Sonic Cinema

Sounds, Visions and Insights by Brian Skutle

The YouTube Effect

Grade : A- Year : 2023 Director : Alex Winter Running Time : 1hr 39min Genre :
Movie review score
A-

If social media companies are harming the fabric of society, do they bare the responsibility, or do we, since it’s our content causing the harm? A company’s primary goal is to make money for its owners; if it fails to do that, it will cease to be of worth to those owners. But what happens when what drives that financial growth is how we interact with each other, and those interactions are driven by toxicity and misinformation? The basic premise of Alex Winter’s “The YouTube Effect” is something that will be familiar to anyone who’s followed the rise of conspiracy theories and influencer culture over the past few years, but the actor-director understands how to delineate his narrative in a fashion that keeps us interested every step of the way.

In 2021, I started a Twitch channel in the hopes of being able to bring some more positivity to the online film discussion to counterbalance the negativity that largely dominated the film discourse. In retrospect, I should have started it the year before, when I wasn’t working for most of the year, because as I got busier again when I went back to work, it was harder to stream on a regular basis. All of those are up on YouTube, and while my online presence isn’t a significant one in terms of traffic, it’s important to get our voices out there if it feels like bad faith discussion is winning. Twenty years before, I was a part of an online forum of musicians, and I wouldn’t have necessarily felt that way- that I felt I was right was more important than learning from others.

YouTube began as a place where people could express themselves over video, or share something they enjoyed. Now, it is one of the dominant social media companies in the world, with over two billion users and a worth of $300-plus billion dollars. Like most social media companies, however, its reliance on algorithms and engagement has led it from being a fun platform to one of the most toxic sites around. While there are plenty of good faith content creators on the site, there are also those who create to drive people into conspiratorial and far-right ways of thinking. How did YouTube get to point A to point B, and why hasn’t it tried harder to fix it? That’s the basic through line of Winter’s narrative.

Because of my own interest over the past few years with regards to conspiracy theories and how they have proliferated, the basics of what “The YouTube Effect” is looking at were already known to me. The way YouTube- especially after it was bought by Google- exploded into one of the most significant websites on the internet is a fascinating one. What Winter does is give us content creators sharing their stories about being on the platform, what it’s done for them, and the effects- for better or worse- being the biggest content creation platform in the world has done. When it starts to explore the creation of the site’s algorithm, which was intended to keep people on the site, we start to get an idea of how people have manipulated it, whether it’s for trolling purposes or something much more nefarious.

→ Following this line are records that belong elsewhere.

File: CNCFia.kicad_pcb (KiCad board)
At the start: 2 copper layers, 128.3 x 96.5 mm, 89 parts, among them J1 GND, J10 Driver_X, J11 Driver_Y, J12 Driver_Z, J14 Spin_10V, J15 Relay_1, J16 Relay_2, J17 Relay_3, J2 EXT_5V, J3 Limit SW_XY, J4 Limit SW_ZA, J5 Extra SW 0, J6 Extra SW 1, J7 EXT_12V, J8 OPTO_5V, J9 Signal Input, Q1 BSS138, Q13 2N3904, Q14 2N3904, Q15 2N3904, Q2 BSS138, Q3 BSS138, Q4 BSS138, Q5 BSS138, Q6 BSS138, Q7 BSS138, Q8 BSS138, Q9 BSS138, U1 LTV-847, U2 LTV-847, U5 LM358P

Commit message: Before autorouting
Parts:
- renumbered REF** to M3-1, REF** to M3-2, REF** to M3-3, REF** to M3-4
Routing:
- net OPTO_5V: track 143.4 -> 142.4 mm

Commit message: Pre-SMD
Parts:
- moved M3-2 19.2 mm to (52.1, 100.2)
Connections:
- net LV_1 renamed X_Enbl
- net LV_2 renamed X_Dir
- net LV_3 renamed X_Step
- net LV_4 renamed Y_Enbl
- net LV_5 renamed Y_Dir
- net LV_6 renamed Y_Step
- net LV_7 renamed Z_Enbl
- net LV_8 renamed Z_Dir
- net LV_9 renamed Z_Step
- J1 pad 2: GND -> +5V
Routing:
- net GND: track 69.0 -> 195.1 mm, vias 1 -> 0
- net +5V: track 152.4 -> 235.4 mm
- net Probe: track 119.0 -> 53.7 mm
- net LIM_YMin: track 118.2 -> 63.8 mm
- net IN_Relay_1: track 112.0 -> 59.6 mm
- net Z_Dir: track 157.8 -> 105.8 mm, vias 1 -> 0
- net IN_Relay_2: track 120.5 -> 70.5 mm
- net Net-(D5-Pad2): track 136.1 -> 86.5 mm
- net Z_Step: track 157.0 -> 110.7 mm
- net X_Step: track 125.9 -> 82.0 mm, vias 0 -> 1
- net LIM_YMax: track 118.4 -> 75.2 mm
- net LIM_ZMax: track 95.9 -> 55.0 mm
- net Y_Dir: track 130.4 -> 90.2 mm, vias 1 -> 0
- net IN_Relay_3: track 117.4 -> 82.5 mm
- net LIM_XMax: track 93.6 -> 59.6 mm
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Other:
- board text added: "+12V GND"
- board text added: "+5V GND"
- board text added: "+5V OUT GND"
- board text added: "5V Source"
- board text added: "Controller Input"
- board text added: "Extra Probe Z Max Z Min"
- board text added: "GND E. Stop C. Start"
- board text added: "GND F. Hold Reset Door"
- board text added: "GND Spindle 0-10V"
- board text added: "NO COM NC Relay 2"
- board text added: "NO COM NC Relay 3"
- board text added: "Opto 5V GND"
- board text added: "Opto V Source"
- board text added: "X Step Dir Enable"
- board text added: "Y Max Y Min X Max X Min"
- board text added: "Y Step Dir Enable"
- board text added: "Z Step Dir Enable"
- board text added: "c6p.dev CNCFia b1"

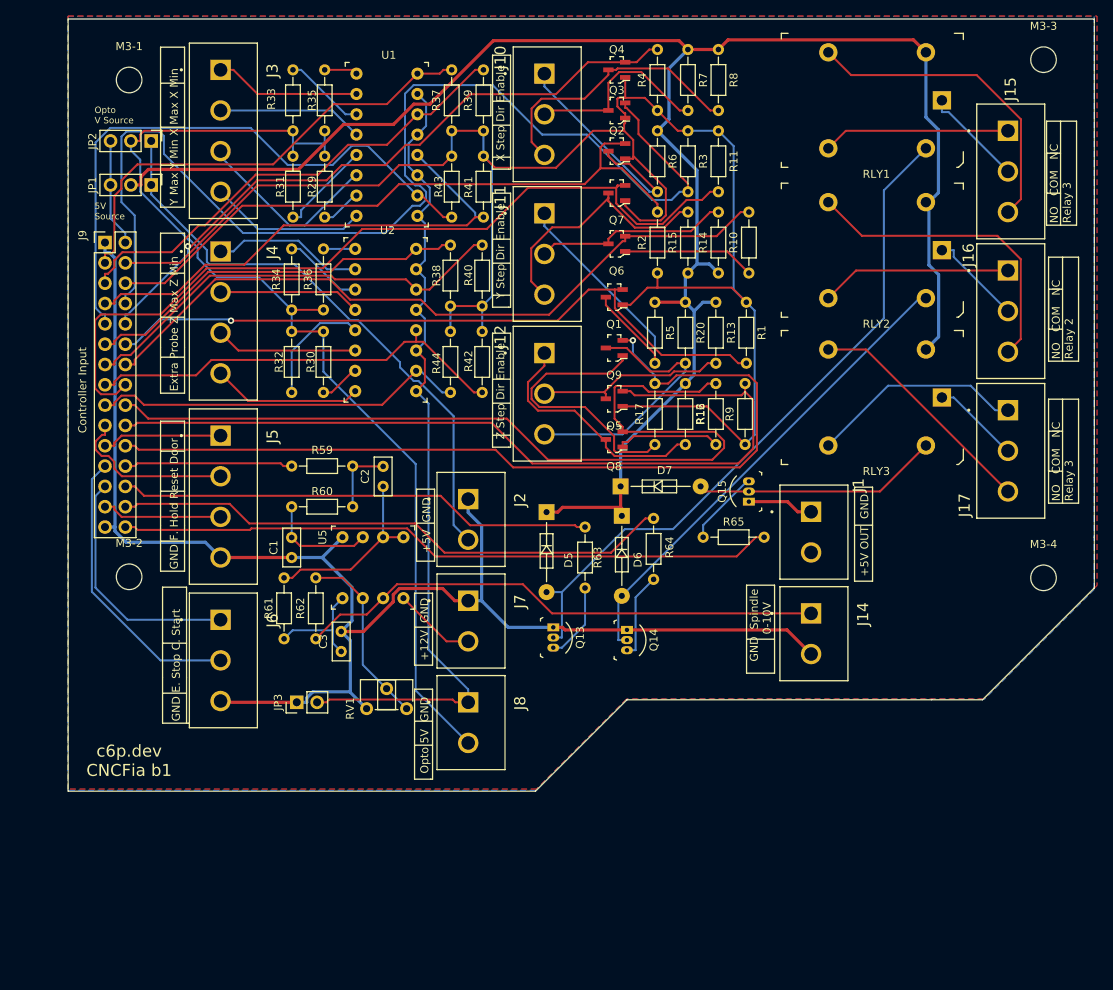
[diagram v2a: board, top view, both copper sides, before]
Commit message: Makes it SMD based, with smaller connectors
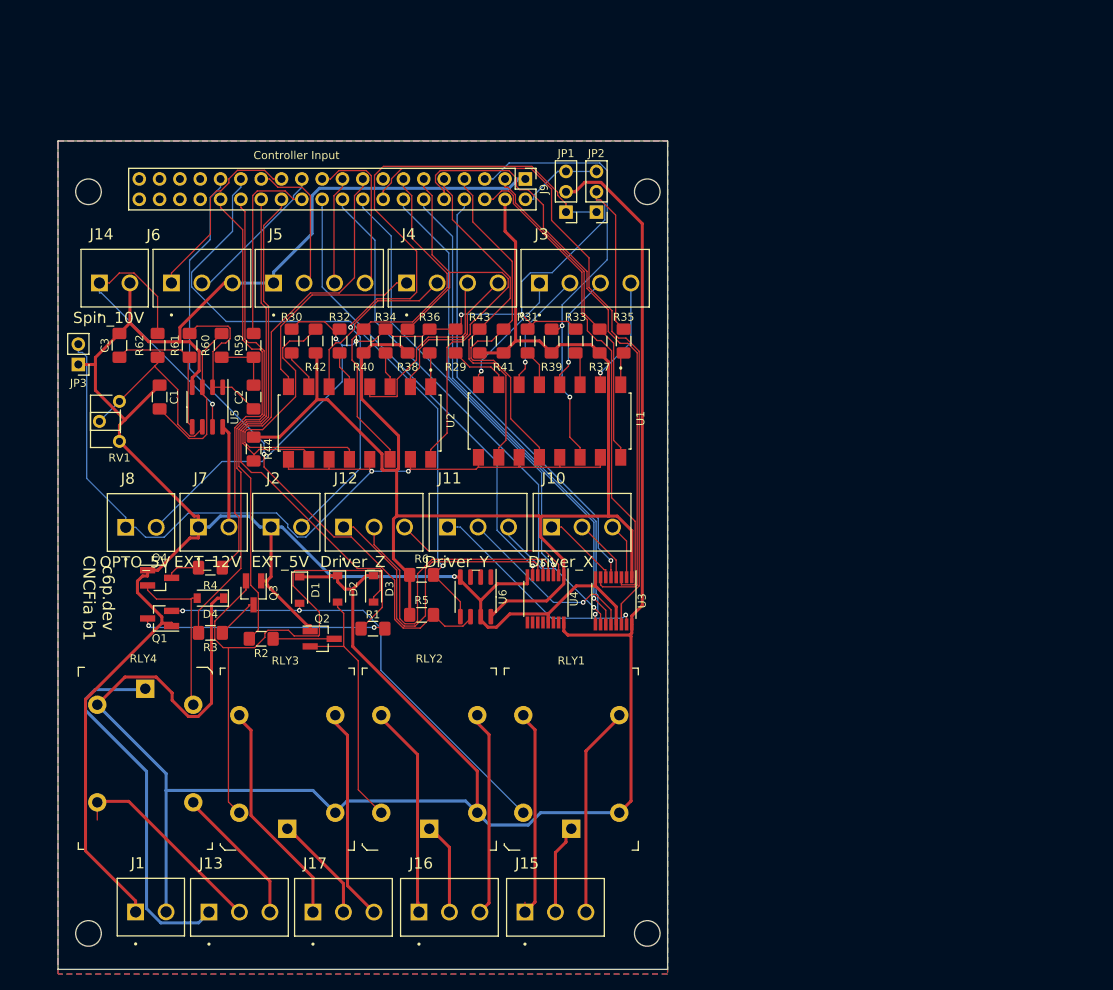
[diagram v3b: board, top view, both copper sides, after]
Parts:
- removed M3-1, M3-2, M3-3, M3-4: MountingHole_3.2mm_M3, MountingHole:MountingHole_3.2mm_M3
- removed Q13, Q14: 2N3904, digikey-footprints:TO-92-3
- removed the Q3 at (113.0, 41.9)
- removed Q5, Q6, Q7, Q8, Q9: BSS138, digikey-footprints:SOT-23-3
- removed R10, R11, R12, R13, R14, R15, R16, R17, R20, R7, R8, R9: 10k, Resistor_THT:R_Axial_DIN0204_L3.6mm_D1.6mm_P7.62mm_Horizontal
- removed R63, R64, R65: 2k2, Resistor_THT:R_Axial_DIN0204_L3.6mm_D1.6mm_P7.62mm_Horizontal
- added D4: 1N4148, Diode_SMD:D_SOD-123, F.Cu at (62.2, 102.9)
- added J13: Coolant, Kicad_extra_components:CUI_TBP02R2-381-03BE, F.Cu at (62.0, 142.1)
- added MH1: MountingHole_3.2mm_M3, MountingHole:MountingHole_3.2mm_M3, F.Cu at (116.8, 52.1)
- added MH2: MountingHole_3.2mm_M3, MountingHole:MountingHole_3.2mm_M3, F.Cu at (116.8, 144.8)
- added MH3: MountingHole_3.2mm_M3, MountingHole:MountingHole_3.2mm_M3, F.Cu at (47.0, 144.8)
- added MH4: MountingHole_3.2mm_M3, MountingHole:MountingHole_3.2mm_M3, F.Cu at (47.0, 52.1)
- added RLY4: G5LE-14_DC5, digikey-footprints:Relay_THT_G5LE-14, F.Cu at (54.1, 114.2)
- added U3: 4504, Package_SO:TSSOP-16_4.4x5mm_P0.65mm, F.Cu at (112.6, 103.2)
- added U4: 4504, Package_SO:TSSOP-16_4.4x5mm_P0.65mm, F.Cu at (104.1, 103.0)
- added U6: 24LC16, Package_SO:SOIC-8_3.9x4.9mm_P1.27mm, F.Cu at (95.4, 102.7)
- C1, C2, C3: footprint Kicad_extra_components:C_Rect_L4.6mm_W2.0mm_P2.50mm_MKS02_FKP02 -> Capacitor_SMD:C_1206_3216Metric_Pad1.42x1.75mm_HandSolder
- D1: renamed from D5; footprint digikey-footprints:Diode_DO-35_P10mm -> Diode_SMD:D_SOD-123
- D2: renamed from D6; footprint digikey-footprints:Diode_DO-35_P10mm -> Diode_SMD:D_SOD-123
- D3: renamed from D7; footprint digikey-footprints:Diode_DO-35_P10mm -> Diode_SMD:D_SOD-123
- J1, J14, J2, J7, J8: footprint Kicad_extra_components:CUI_TBP01R2-508-02BE -> Kicad_extra_components:CUI_TBP02R2-381-02BE
- J10, J11, J12, J6: footprint Kicad_extra_components:CUI_TBP01R2-508-03BE -> Kicad_extra_components:CUI_TBP02R2-381-03BE
- J15: value Relay_1 -> Spin_Enabl; footprint Kicad_extra_components:CUI_TBP01R2-508-03BE -> Kicad_extra_components:CUI_TBP02R2-381-03BE
- J16: value Relay_2 -> Spin_Dir; footprint Kicad_extra_components:CUI_TBP01R2-508-03BE -> Kicad_extra_components:CUI_TBP02R2-381-03BE
- J17: value Relay_3 -> Mist; footprint Kicad_extra_components:CUI_TBP01R2-508-03BE -> Kicad_extra_components:CUI_TBP02R2-381-03BE
- J3, J4, J5: footprint Kicad_extra_components:CUI_TBP01R2-508-04BE -> Kicad_extra_components:CUI_TBP02R2-381-04BE
- J9: footprint Connector_PinHeader_2.54mm:PinHeader_2x15_P2.54mm_Vertical -> Connector_PinHeader_2.54mm:PinHeader_2x20_P2.54mm_Vertical
- Q1, Q2, Q4: value BSS138 -> 2N3904; footprint digikey-footprints:SOT-23-3 -> Package_TO_SOT_SMD:SOT-23_Handsoldering
- Q3: renamed from Q15; footprint digikey-footprints:TO-92-3 -> Package_TO_SOT_SMD:SOT-23_Handsoldering
- R1, R2, R3, R4, R5, R6: value 10k -> 2k2; footprint Resistor_THT:R_Axial_DIN0204_L3.6mm_D1.6mm_P7.62mm_Horizontal -> Resistor_SMD:R_1206_3216Metric_Pad1.42x1.75mm_HandSolder
- R29, R30, R31, R32, R33, R34, R35, R36, R37, R38, R39, R40, R41, R42, R43, R44, R59, R60, R61, R62: footprint Resistor_THT:R_Axial_DIN0204_L3.6mm_D1.6mm_P7.62mm_Horizontal -> Resistor_SMD:R_1206_3216Metric_Pad1.42x1.75mm_HandSolder
- U1, U2: footprint digikey-footprints:Socket_DIP-16_7.62mm_Conn -> Kicad_extra_components:SOIC254P1016X460-16N
- U5: footprint digikey-footprints:SOCKET_DIP-8_7.62mm_Conn -> Package_SO:SOIC-8_3.9x4.9mm_P1.27mm
- moved J15 114.8 mm to (101.5, 142.1), turned to 0 degrees
- moved J16 108.9 mm to (88.3, 142.1), turned to 0 degrees
- moved J17 107.2 mm to (75.0, 142.1), turned to 0 degrees
- moved RLY1 102.2 mm to (107.3, 131.7), turned to 90 degrees
- moved J1 98.1 mm to (52.9, 142.1), turned to 0 degrees
- moved J14 98.1 mm to (48.4, 63.5), turned to 0 degrees
- moved RLY3 98.0 mm to (71.8, 131.7), turned to 90 degrees
- moved RLY2 96.6 mm to (89.6, 131.7), turned to 90 degrees
- moved R3 86.6 mm to (62.2, 107.2), turned to 180 degrees
- moved Q4 85.4 mm to (55.9, 100.3), turned to 0 degrees
- moved R4 79.9 mm to (62.2, 99.1), turned to 0 degrees
- moved Q2 71.2 mm to (76.2, 108.0), turned to 0 degrees
- moved Q1 69.6 mm to (55.9, 105.4)
- moved R2 67.4 mm to (68.6, 108.0), turned to 180 degrees
- moved Q3 63.0 mm to (67.6, 102.2), turned to -90 degrees
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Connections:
- net /PWM to V converter/OUT_Spn_10V_0 renamed /OUT_Spn_10V_0
- net /Relays/Relay_COM_1 renamed /Relay_COM_1
- net /Relays/Relay_COM_2 renamed /Relay_COM_2
- net /Relays/Relay_COM_3 renamed /Relay_COM_3
- net /Relays/Relay_NC_1 renamed /Relay_NC_1
- net /Relays/Relay_NC_2 renamed /Relay_NC_2
- net /Relays/Relay_NC_3 renamed /Relay_NC_3
- net /Relays/Relay_NO_1 renamed /Relay_NO_1
- net /Relays/Relay_NO_2 renamed /Relay_NO_2
- net /Relays/Relay_NO_3 renamed /Relay_NO_3
- net SPIN_PWM renamed Spin_PWM
- D1 pad 2: Net-(D5-Pad2) -> Net-(D1-Pad2)
- D2 pad 2: Net-(D6-Pad2) -> Net-(D2-Pad2)
- J10 pad 1: /Level Shifters/HV_1 -> /HV_3
- J10 pad 2: /Level Shifters/HV_2 -> /HV_2
- J10 pad 3: /Level Shifters/HV_3 -> /HV_1
- J11 pad 1: /Level Shifters/HV_4 -> /HV_6
- J11 pad 2: /Level Shifters/HV_5 -> /HV_5
- J11 pad 3: /Level Shifters/HV_6 -> /HV_4
- J12 pad 1: /Level Shifters/HV_7 -> /HV_9
- J12 pad 2: /Level Shifters/HV_8 -> /HV_8
- J12 pad 3: /Level Shifters/HV_9 -> /HV_7
- J3 pad 1: /Opto-isolated switches/SW_XMIN -> /SW_YMAX
- J3 pad 2: /Opto-isolated switches/SW_XMAX -> /SW_YMIN
- J3 pad 3: /Opto-isolated switches/SW_YMIN -> /SW_XMAX
- J3 pad 4: /Opto-isolated switches/SW_YMAX -> /SW_XMIN
- J4 pad 1: /Opto-isolated switches/SW_ZMIN -> /SW_Extra
- J4 pad 2: /Opto-isolated switches/SW_ZMAX -> /SW_Probe
- J4 pad 3: /Opto-isolated switches/SW_Probe -> /SW_ZMAX
- J4 pad 4: /Opto-isolated switches/SW_Extra -> /SW_ZMIN
- J5 pad 1: Door -> GND
- J5 pad 2: Reset -> Feed_Hold
- J5 pad 3: Feed_Hold -> Reset
- J5 pad 4: GND -> Door
- J9 pad 26: IN_Relay_1 -> Spin_Enbl
- J9 pad 28: IN_Relay_2 -> Spin_Dir
- J9 pad 29: GND -> E_SDA
- J9 pad 30: IN_Relay_3 -> Mist
- Q1 pad 1: +3V3 -> GND
- Q1 pad 2: Y_Enbl -> Net-(D1-Pad2)
- Q1 pad 3: /Level Shifters/HV_4 -> Net-(Q1-Pad3)
- Q2 pad 1: +3V3 -> GND
- Q2 pad 2: X_Enbl -> Net-(D2-Pad2)
- Q2 pad 3: /Level Shifters/HV_1 -> Net-(Q2-Pad3)
- Q3 pad 3: Net-(Q15-Pad3) -> Net-(Q3-Pad3)
- Q4 pad 1: +3V3 -> GND
- Q4 pad 2: X_Step -> Net-(D4-Pad2)
- Q4 pad 3: /Level Shifters/HV_3 -> Net-(Q4-Pad3)
- R1 pad 1: +3V3 -> Net-(Q1-Pad3)
- R1 pad 2: Y_Enbl -> Spin_Enbl
- R2 pad 1: +3V3 -> Net-(Q2-Pad3)
- R2 pad 2: X_Enbl -> Spin_Dir
- R3 pad 1: +3V3 -> Net-(Q3-Pad3)
- R3 pad 2: X_Dir -> Mist
- R4 pad 1: +3V3 -> Net-(Q4-Pad3)
- R4 pad 2: X_Step -> Flood
- R42 pad 2: Probe -> /Opto-isolated switches/e
- R5 pad 1: +5V -> +3V3
- R5 pad 2: /Level Shifters/HV_4 -> E_SCL
- R6 pad 1: +5V -> +3V3
- R6 pad 2: /Level Shifters/HV_1 -> E_SDA
- RLY1 pad 5: Net-(D5-Pad2) -> Net-(D1-Pad2)
- RLY2 pad 5: Net-(D6-Pad2) -> Net-(D2-Pad2)
- U1 pad 2: /Opto-isolated switches/SW_XMIN -> /SW_XMIN
- U1 pad 4: /Opto-isolated switches/SW_XMAX -> /SW_XMAX
- U1 pad 6: /Opto-isolated switches/SW_YMIN -> /SW_YMIN
- U1 pad 8: /Opto-isolated switches/SW_YMAX -> /SW_YMAX
- U2 pad 12: Probe -> /Opto-isolated switches/e
- U2 pad 2: /Opto-isolated switches/SW_ZMIN -> /SW_ZMIN
- U2 pad 4: /Opto-isolated switches/SW_ZMAX -> /SW_ZMAX
- U2 pad 6: /Opto-isolated switches/SW_Probe -> /SW_Probe
- U2 pad 8: /Opto-isolated switches/SW_Extra -> /SW_Extra
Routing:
- net Net-(D5-Pad2): track 86.5 -> 0.00 mm
- net X_Dir: track 140.2 -> 55.6 mm, vias 0 -> 1
- net IN_Relay_3: track 82.5 -> 0.00 mm
- net E_SDA: track 0.00 -> 81.3 mm, vias 0 -> 1
- net E_SCL: track 0.00 -> 80.4 mm, vias 0 -> 1
- net GND: track 195.1 -> 272.5 mm, vias 0 -> 1
- net IN_Relay_2: track 70.5 -> 0.00 mm
- net Spin_Enbl: track 0.00 -> 68.1 mm
- net Mist: track 0.00 -> 60.8 mm
- net Net-(D6-Pad2): track 60.2 -> 0.00 mm
- net IN_Relay_1: track 59.6 -> 0.00 mm
- net Spin_Dir: track 0.00 -> 59.1 mm
- net Net-(D1-Pad2): track 0.00 -> 58.4 mm, vias 0 -> 2
- net Z_Enbl: track 111.7 -> 56.9 mm, vias 0 -> 1
- net Probe: track 53.7 -> 0.00 mm
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- added copper zone on F.Cu, net +3V3
- removed copper zone on F.Cu, net +5V
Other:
- board size 128.3 x 96.5 mm -> 76.2 x 103.6 mm
- net class Default: clearance 0.2 -> 0.127; trace_width 0.25 -> 0.127; via_dia 0.8 -> 0.6; via_drill 0.4 -> 0.3
- rule trace_clearance: 0.2 -> 0.127
- rule trace_min: 0.2 -> 0.127
- rule via_min_size: 0.4 -> 0.6
- board text removed: "+12V GND"
- board text removed: "+5V GND"
- board text removed: "+5V OUT GND"
- board text removed: "5V Source"
- board text removed: "Extra Probe Z Max Z Min"
- board text removed: "GND E. Stop C. Start"
- board text removed: "GND F. Hold Reset Door"
- board text removed: "GND Spindle 0-10V"
- board text removed: "NO COM NC Relay 2"
- board text removed: "NO COM NC Relay 3"
- board text removed: "Opto 5V GND"
- board text removed: "Opto V Source"
- board text removed: "X Step Dir Enable"
- board text removed: "Y Max Y Min X Max X Min"
- board text removed: "Y Step Dir Enable"
- board text removed: "Z Step Dir Enable"

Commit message: Vertical mounted version
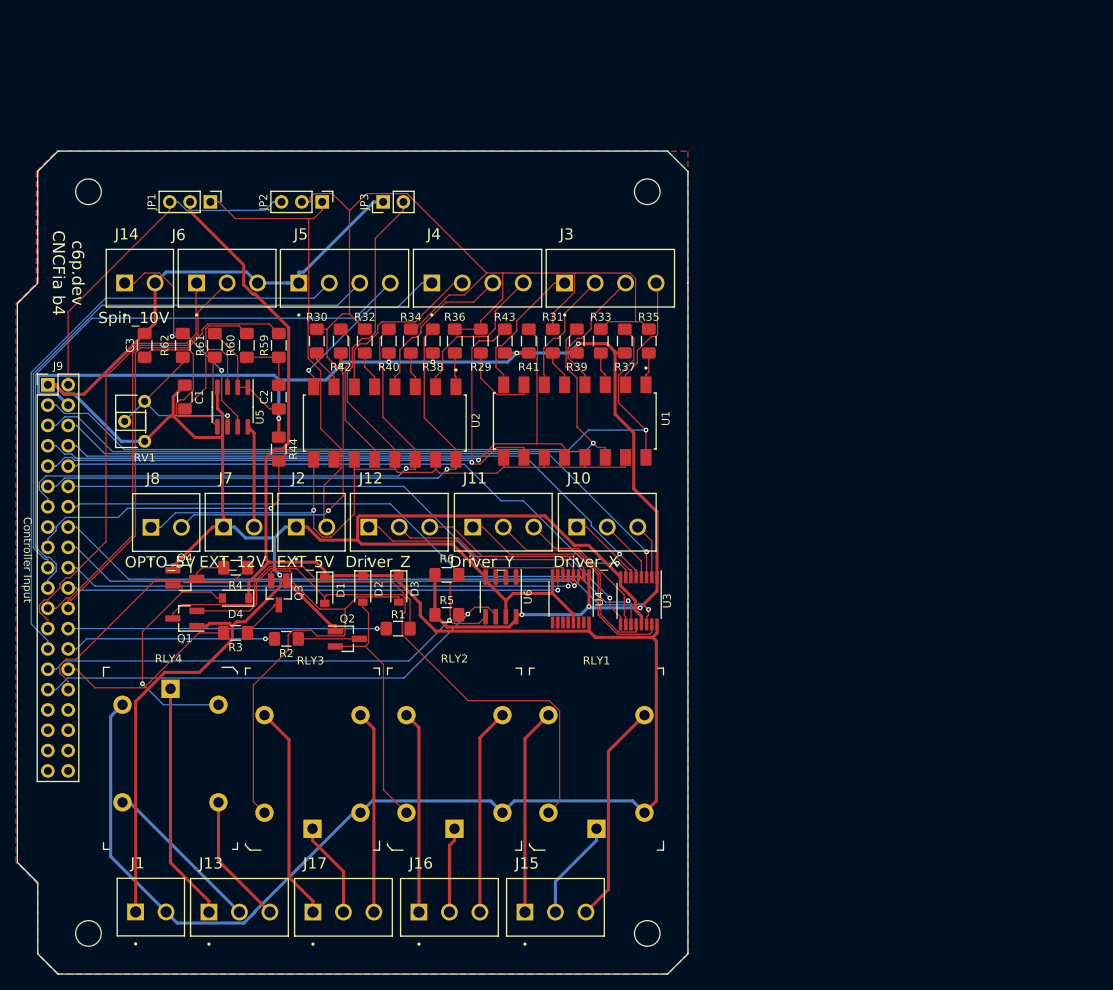
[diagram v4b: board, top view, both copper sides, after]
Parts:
- moved J9 65.0 mm to (41.9, 76.2), turned to 0 degrees
- moved JP1 44.5 mm to (62.2, 53.3), turned to -90 degrees
- moved JP3 43.2 mm to (83.8, 53.3), turned to 90 degrees
- moved JP2 34.3 mm to (76.2, 53.3), turned to -90 degrees
- moved C2 3.15 mm to (70.8, 77.7)
- moved D1 3.15 mm to (76.5, 101.9)
- moved D2 3.15 mm to (81.3, 101.7)
- moved D3 3.15 mm to (85.8, 101.7)
- moved J10 3.15 mm to (108.0, 94.0)
- moved J11 3.15 mm to (95.0, 94.0)
- moved J12 3.15 mm to (82.0, 94.0)
- moved J3 3.15 mm to (106.5, 63.5)
- moved J5 3.15 mm to (73.3, 63.5)
- moved Q3 3.15 mm to (70.8, 102.2)
- moved R1 3.15 mm to (85.7, 106.7)
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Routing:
- net Feed_Hold: track 18.3 -> 77.3 mm
- net Reset: track 13.5 -> 70.7 mm
- net Door: track 20.6 -> 77.5 mm
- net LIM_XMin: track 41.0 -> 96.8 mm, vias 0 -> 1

If you have not been following the saga of YouTube, and how it- and other social media sites- were used to manipulate the media landscape in favor of bad faith actors and grifters, Alex Winter’s documentary is a compelling introductory course. If you’re hoping for definite solutions by the end of it, sadly you will be left wanting more, but if it plants the seeds of wondering where we go from here in you, “The YouTube Effect” has accomplished its goal.